I'm drawing a figure for inclusion into a LaTeX document, and I'm
having trouble getting matplotlib to export a .pdf that 'tightly'
encapsulates the drawing that is generated - I get a lot of whitespace
at the bottom, in particular.

After some experimentation, I've found that the culprit is an Arc that
I am drawing near the bottom of the page. The angle range is something
like pi/4 to 3*pi/4, so the actual line is located well above the
center of the circle defining the arc, but it appears that the arc is
reporting a bounding box that is the same as would be reported for a
circle.

Perhaps this isn't a bug and this behavior is useful to some, but I'd
really like to be able to get the resulting image fit tightly around
the drawn lines and not invisible bounding boxes.

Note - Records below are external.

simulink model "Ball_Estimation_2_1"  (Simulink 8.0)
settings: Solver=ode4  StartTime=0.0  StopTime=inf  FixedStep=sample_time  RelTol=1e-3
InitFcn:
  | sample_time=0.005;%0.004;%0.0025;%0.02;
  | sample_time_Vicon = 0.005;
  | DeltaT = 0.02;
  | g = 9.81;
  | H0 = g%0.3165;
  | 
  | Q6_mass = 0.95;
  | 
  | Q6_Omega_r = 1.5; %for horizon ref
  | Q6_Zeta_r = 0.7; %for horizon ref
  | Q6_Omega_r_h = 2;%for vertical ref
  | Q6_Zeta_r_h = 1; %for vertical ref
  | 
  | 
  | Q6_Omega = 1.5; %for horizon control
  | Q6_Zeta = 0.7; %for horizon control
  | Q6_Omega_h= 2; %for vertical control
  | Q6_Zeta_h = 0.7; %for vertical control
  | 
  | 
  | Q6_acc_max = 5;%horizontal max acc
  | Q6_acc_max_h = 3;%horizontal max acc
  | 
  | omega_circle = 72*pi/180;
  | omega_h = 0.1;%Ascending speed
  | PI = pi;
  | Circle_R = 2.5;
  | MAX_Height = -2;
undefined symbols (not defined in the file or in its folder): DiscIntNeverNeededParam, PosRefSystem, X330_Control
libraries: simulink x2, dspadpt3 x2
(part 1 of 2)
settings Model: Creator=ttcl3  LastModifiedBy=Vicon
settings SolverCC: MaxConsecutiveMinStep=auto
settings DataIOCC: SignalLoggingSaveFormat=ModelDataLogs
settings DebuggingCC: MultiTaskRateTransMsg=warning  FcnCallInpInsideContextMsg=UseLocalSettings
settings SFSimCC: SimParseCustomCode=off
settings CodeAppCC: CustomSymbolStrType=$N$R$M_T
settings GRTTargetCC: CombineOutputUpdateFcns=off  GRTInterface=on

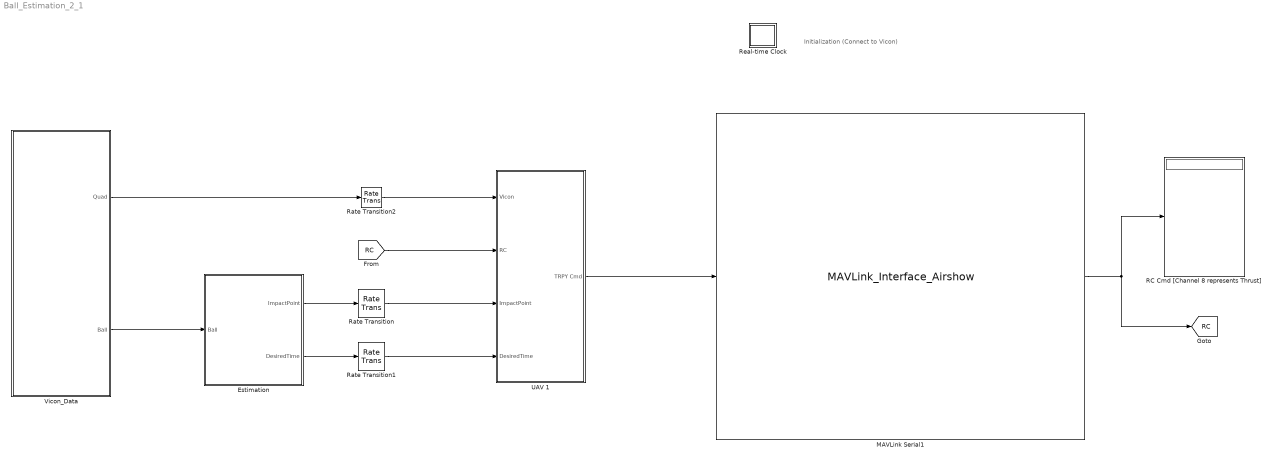
== system Ball_Estimation_2_1 ==
  note: Initialization
      | (Connect to Vicon)
  Estimation : Subsystem
  MAVLink Serial1 : S-Function  FunctionName=MAVLink_Interface_Airshow  Parameters=COM_Port,Baud_Rate,MSG_INPUT,MSG_OUTPUT  EnableBusSupport=off  mask{COM_Port='COM5', Baud_Rate=57600, ATTITUDE_OUT=off, RC_SCALED=on, Quads_1=on, Quads_2=off, Quads_3=off, Quads_4=off, Quads_5=off, Quads_6=off}
      mask prompts: COM_Port "COM Port"; Baud_Rate "Baud Rate"; ATTITUDE_OUT "DEBUG"; RC_SCALED "RC CHANNELS SCALED"; Quads_1 "1 Quad"; Quads_2 "2 Quad"; Quads_3 "3 Quad"; Quads_4 "4 Quad"; Quads_5 "5 Quad"; Quads_6 "6 Quad"
      mask init:
      | MSG_ID_NUM_INPUT = [ uint8(221) uint8(222) uint8(223) uint8(224) uint8(225) uint8(226)];
      | MSG_ID_NAME_INPUT = [Quads_1 Quads_2 Quads_3 Quads_4 Quads_5 Quads_6];
      | 
      | MSG_ID_NUM_OUTPUT = [uint8(34) uint8(30)];
      | MSG_ID_NAME_OUTPUT = [RC_SCALED ATTITUDE_OUT ];
      | 
      | idx_input = find(MSG_ID_NAME_INPUT);
      | MSG_INPUT = MSG_ID_NUM_INPUT(idx_input);
      | 
      | idx_output = find(MSG_ID_NAME_OUTPUT);
      | MSG_OUTPUT = MSG_ID_NUM_OUTPUT(idx_output);
      mask Display:
      | % Block image
      | image(imread('10-inch Quad Heat Map.png'));
      | 
      | %Label block
      | fprintf('MAVLink Serial\n%s\n%dbps', COM_Port,  Baud_Rate)
      | 
      | 
      | %Label input ports
      | 
      | in = 1;
      | if (Quads_1 == 1)
      |     port_label('input', in, 'Quads_1');
      |     in = in + 1;
      | end
      | 
      | if (Quads_2 == 1)
      |     port_label('input', in, 'Quads_2');
      |     in = in + 1;
      | end
      | 
      | if (Quads_3 == 1)
      |     port_label('input', in, 'Quads_3');
      |     in = in + 1;
      | end
      | 
      | if (Quads_4 == 1)
      |     port_label('input', in, 'Quads_4');
      |     in = in + 1;
      | end
      | 
      | if (Quads_5 == 1)
      |     port_label('input', in, 'Quads_5');
      |     in = in + 1;
      | end
      | 
      | 
      | if (Quads_6 == 1)
      |     port_label('input', in, 'Quads_6');
      |     in = in + 1;
      | end
      | %Label output ports
      | 
      | out = 1;
      | if (RC_SCALED == 1)
      |     port_label('output', out, 'RC CMD');
      |     out = out + 1;
      | end
      | 
      | if (ATTITUDE_OUT == 1)
      |     port_label('output', out, 'DEBUG');
      |     out = out + 1;
      | end
  RC Cmd [Channel 8 represents Thrust] : Display
  Rate Transition : RateTransition  OutPortSampleTime=0.02
  Rate Transition1 : RateTransition  OutPortSampleTime=0.02
  Rate Transition2 : RateTransition  OutPortSampleTime=0.02
  Real-time Clock : Subsystem  mask(Real-time Clock){sample_time=0.02, tolerance=1}
      mask prompts: sample_time "Synchronize with real-time every n seconds:"; tolerance "Real-time warning tolerance (seconds):"
      mask help: Real-time Synchronization Block
      mask Help: This block synchronizes simulation time with the PC real-time clock or UNIX system clock. The first dialog entry is the period at which the clock is checked to insure real-time synchronization. The second dialog entry is the number of seconds that the simulation time must be within real-time before a warning is printed.
      mask Display: plot(0,0,100,100,[40,60,60,54,54,64,69,76,82,77,81,83,83,81,78,74,70,64,57,49,41,35,32,30,30,31,34,40,47,47,40,40],[90,90,85,85,80,79,76,87,80,70,64,57,49,41,33,28,24,22,21,23,25,31,37,46,56,65,73,78,80,85,85,90],[69,53,53],[64,50,73])
  UAV 1 : Subsystem
  Vicon_Data : Subsystem
  tag scope: RC=global
  wires:
  Estimation/1(ImpactPoint) -> Rate Transition/1
  Estimation/2(DesiredTime) -> Rate Transition1/1
  [RC] -> UAV 1/2(RC)
  Rate Transition2/1 -> UAV 1/1(Vicon)
  MAVLink Serial1/1 -> [RC], RC Cmd [Channel 8 represents Thrust]/1
  UAV 1/1(TRPY Cmd) -> MAVLink Serial1/1
  Vicon_Data/2(Ball) -> Estimation/1(Ball)
  Vicon_Data/1(Quad) -> Rate Transition2/1
  Rate Transition/1 -> UAV 1/3(ImpactPoint)
  Rate Transition1/1 -> UAV 1/4(DesiredTime)

== system Ball_Estimation_2_1/Estimation ==
  Ball : Inport
  Bus Selector1 : BusSelector  OutputSignals=Position,Velocity
  Trajectory Logic1 : Subsystem
  ImpactPoint : Outport
  DesiredTime : Outport  Port=2
  wires:
  Ball/1 -> Bus Selector1/1
  Bus Selector1/1 -> Trajectory Logic1/1(Ball_Pos)  "<Position>"
  Bus Selector1/2 -> Trajectory Logic1/2(Ball_Vel)  "<Velocity>"
  Trajectory Logic1/1("ImpactPoint ") -> ImpactPoint/1
  Trajectory Logic1/2(DesiredTime) -> DesiredTime/1

== system Ball_Estimation_2_1/Real-time Clock ==
  Real-time Clock : S-Function  FunctionName=rtclock  Parameters=sample_time, tolerance  EnableBusSupport=off

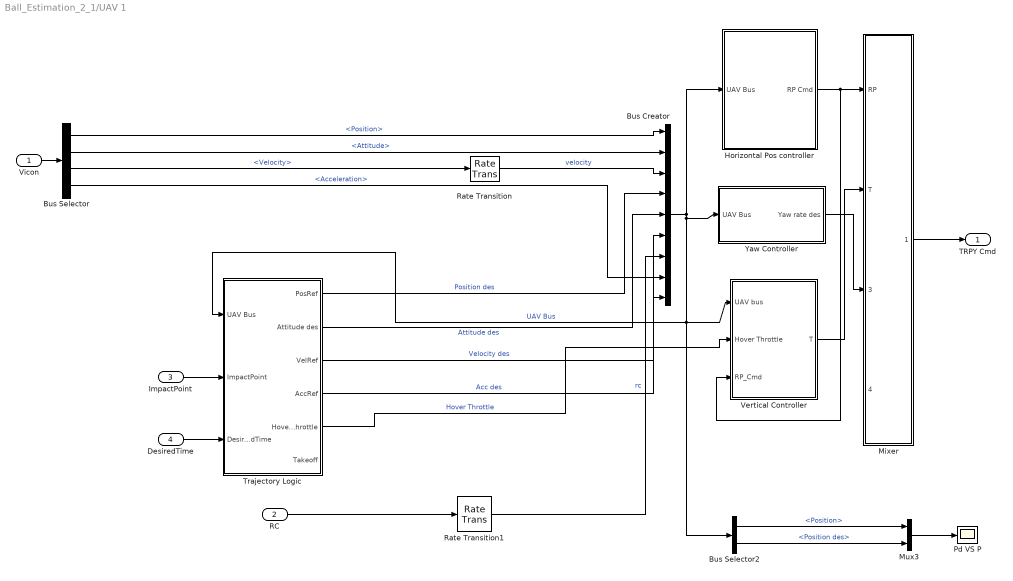
== system Ball_Estimation_2_1/UAV 1 ==
  Vicon : Inport
  RC : Inport  Port=2
  ImpactPoint : Inport  Port=3
  DesiredTime : Inport  Port=4
  Bus Creator : BusCreator  Inputs=9
  Bus Selector : BusSelector  OutputSignals=Position,Attitude,Velocity,Acceleration
  Bus Selector2 : BusSelector  OutputSignals=Position,Position des
  Horizontal Pos controller : Subsystem  AncestorBlock=X330_Control/Horizontal Pos controller  mask{Max_RP=60, Omega=Q6_Omega, PID_i=1, Zeta=Q6_Zeta}
      mask prompts: Max_RP "Cmd Maximum Roll/Pitch (Degree)"; Omega "Omega (P Gain= Omega^2)"; PID_i "I Gain"; Zeta "Zeta (D = 2*Omega*Zeta)"
  Mixer : Subsystem
  Mux3 : Mux  Inputs=2
  Pd VS P : Scope
      settings: TimeRange=19.89708404802744  YMin=-0.75  YMax=0.1
  Rate Transition : RateTransition  OutPortSampleTime=0.02
  Rate Transition1 : RateTransition  OutPortSampleTime=0.02
  Trajectory Logic : Subsystem
  Vertical Controller : Subsystem  AncestorBlock=X330_Control/Vertical Controller  mask{Omega_h=Q6_Omega_h, Zeta_h=Q6_Zeta_h, PID_I_h=1, mass=Q6_mass}
      mask prompts: Omega_h "Omega (P Gain  = Omega^2)"; Zeta_h "Zeta (D Gain = 2*Omega*Zeta)"; PID_I_h "I Gain"
  Yaw Controller : Subsystem  AncestorBlock=X330_Control/Yaw Controller
  TRPY Cmd : Outport
  wires:
  Mux3/1 -> Pd VS P/1
  Bus Selector2/2 -> Mux3/2  "<Position des>"
  Bus Selector2/1 -> Mux3/1  "<Position>"
  Horizontal Pos controller/1(RP Cmd) -> Vertical Controller/3(RP_Cmd), Mixer/1(RP)
  RC/1 -> Rate Transition1/1
  Trajectory Logic/4(AccRef) -> Bus Creator/9  "Acc des"
  Mixer/1(XYZ RPY) -> TRPY Cmd/1
  Vicon/1 -> Bus Selector/1
  Bus Selector/3 -> Rate Transition/1  "<Velocity>"
  Bus Selector/2 -> Bus Creator/2  "<Attitude>"
  Bus Selector/1 -> Bus Creator/1  "<Position>"
  Trajectory Logic/5(HoverThrottle) -> Vertical Controller/2(Hover Throttle)  "Hover Throttle"
  Trajectory Logic/3(VelRef) -> Bus Creator/6  "Velocity des"
  Trajectory Logic/2(Attitude des) -> Bus Creator/5  "Attitude des"
  Trajectory Logic/1(PosRef) -> Bus Creator/4  "Position des"
  Bus Selector/4 -> Bus Creator/8  "<Acceleration>"
  Vertical Controller/1(T) -> Mixer/2(T)
  Yaw Controller/1(Yaw rate des) -> Mixer/3(Yaw rate)
  Bus Creator/1 -> Yaw Controller/1(UAV Bus), Bus Selector2/1, Vertical Controller/1(UAV bus), Trajectory Logic/1(UAV Bus), Horizontal Pos controller/1(UAV Bus)  "UAV Bus"
  Rate Transition1/1 -> Bus Creator/7  "rc"
  Rate Transition/1 -> Bus Creator/3  "velocity"
  ImpactPoint/1 -> Trajectory Logic/2(ImpactPoint)
  DesiredTime/1 -> Trajectory Logic/3(DesiredTime)

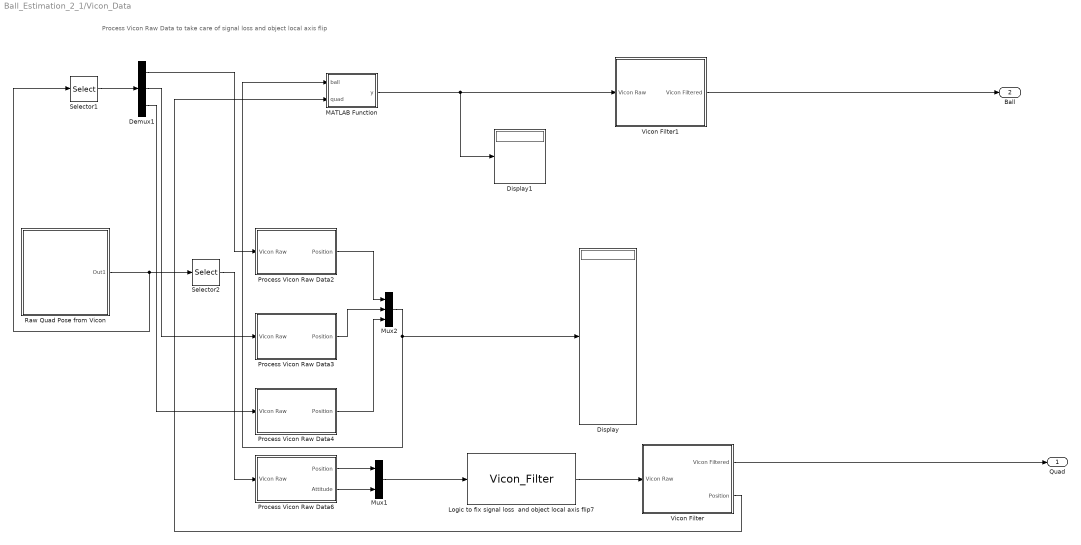
== system Ball_Estimation_2_1/Vicon_Data ==
  note: Process Vicon Raw Data to take care of signal loss and object local axis flip
  Demux1 : Demux  Outputs=3
  Display : Display
  Display1 : Display
  Logic to fix signal loss  and object local axis flip7 : M-S-Function  FunctionName=Vicon_Filter
  MATLAB Function : MATLAB Function  TreatAsAtomicUnit=on
      settings: PermitHierarchicalResolution=ParametersOnly
  Mux1 : Mux  Inputs=2
  Mux2 : Mux  Inputs=3
  Process Vicon Raw Data2 : Subsystem
  Process Vicon Raw Data3 : Subsystem
  Process Vicon Raw Data4 : Subsystem
  Process Vicon Raw Data6 : Subsystem
  Raw Quad Pose from Vicon : Subsystem
  Selector1 : Selector  InputPortWidth=18  IndexOptions=Index vector (dialog)  Indices=[10 11 12 13 14 15 16 17 18]  OutputSizes=1
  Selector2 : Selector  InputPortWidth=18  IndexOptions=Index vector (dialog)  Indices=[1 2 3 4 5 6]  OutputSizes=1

Can anyone help me out? Is there some way I can force matplotlib to
'clip' the output?

Thanks,
Jason

P.S. I'm using matplotlib v. 0.98.5.2 on Python 2.6 running on x86_64 Linux

MPL, by default, does not do any clipping. So, i'm not sure why the
extent of the circle matters (I think even the bbox_inches option does
not take care of that) . Everything should be fine as far as you
create a figure in an appropriate size. Changing the suplotplot
parameters (or something similar) is not your option?

If possible, can you post a simplified version of your code that
demonstrate the problem?

Regards,

-JJ

···

On Sun, Oct 4, 2009 at 6:32 PM, Jason Sewall <jasonsewall@...287...> wrote:

I'm drawing a figure for inclusion into a LaTeX document, and I'm
having trouble getting matplotlib to export a .pdf that 'tightly'
encapsulates the drawing that is generated - I get a lot of whitespace
at the bottom, in particular.

After some experimentation, I've found that the culprit is an Arc that
I am drawing near the bottom of the page. The angle range is something
like pi/4 to 3*pi/4, so the actual line is located well above the
center of the circle defining the arc, but it appears that the arc is
reporting a bounding box that is the same as would be reported for a
circle.

Perhaps this isn't a bug and this behavior is useful to some, but I'd
really like to be able to get the resulting image fit tightly around
the drawn lines and not invisible bounding boxes.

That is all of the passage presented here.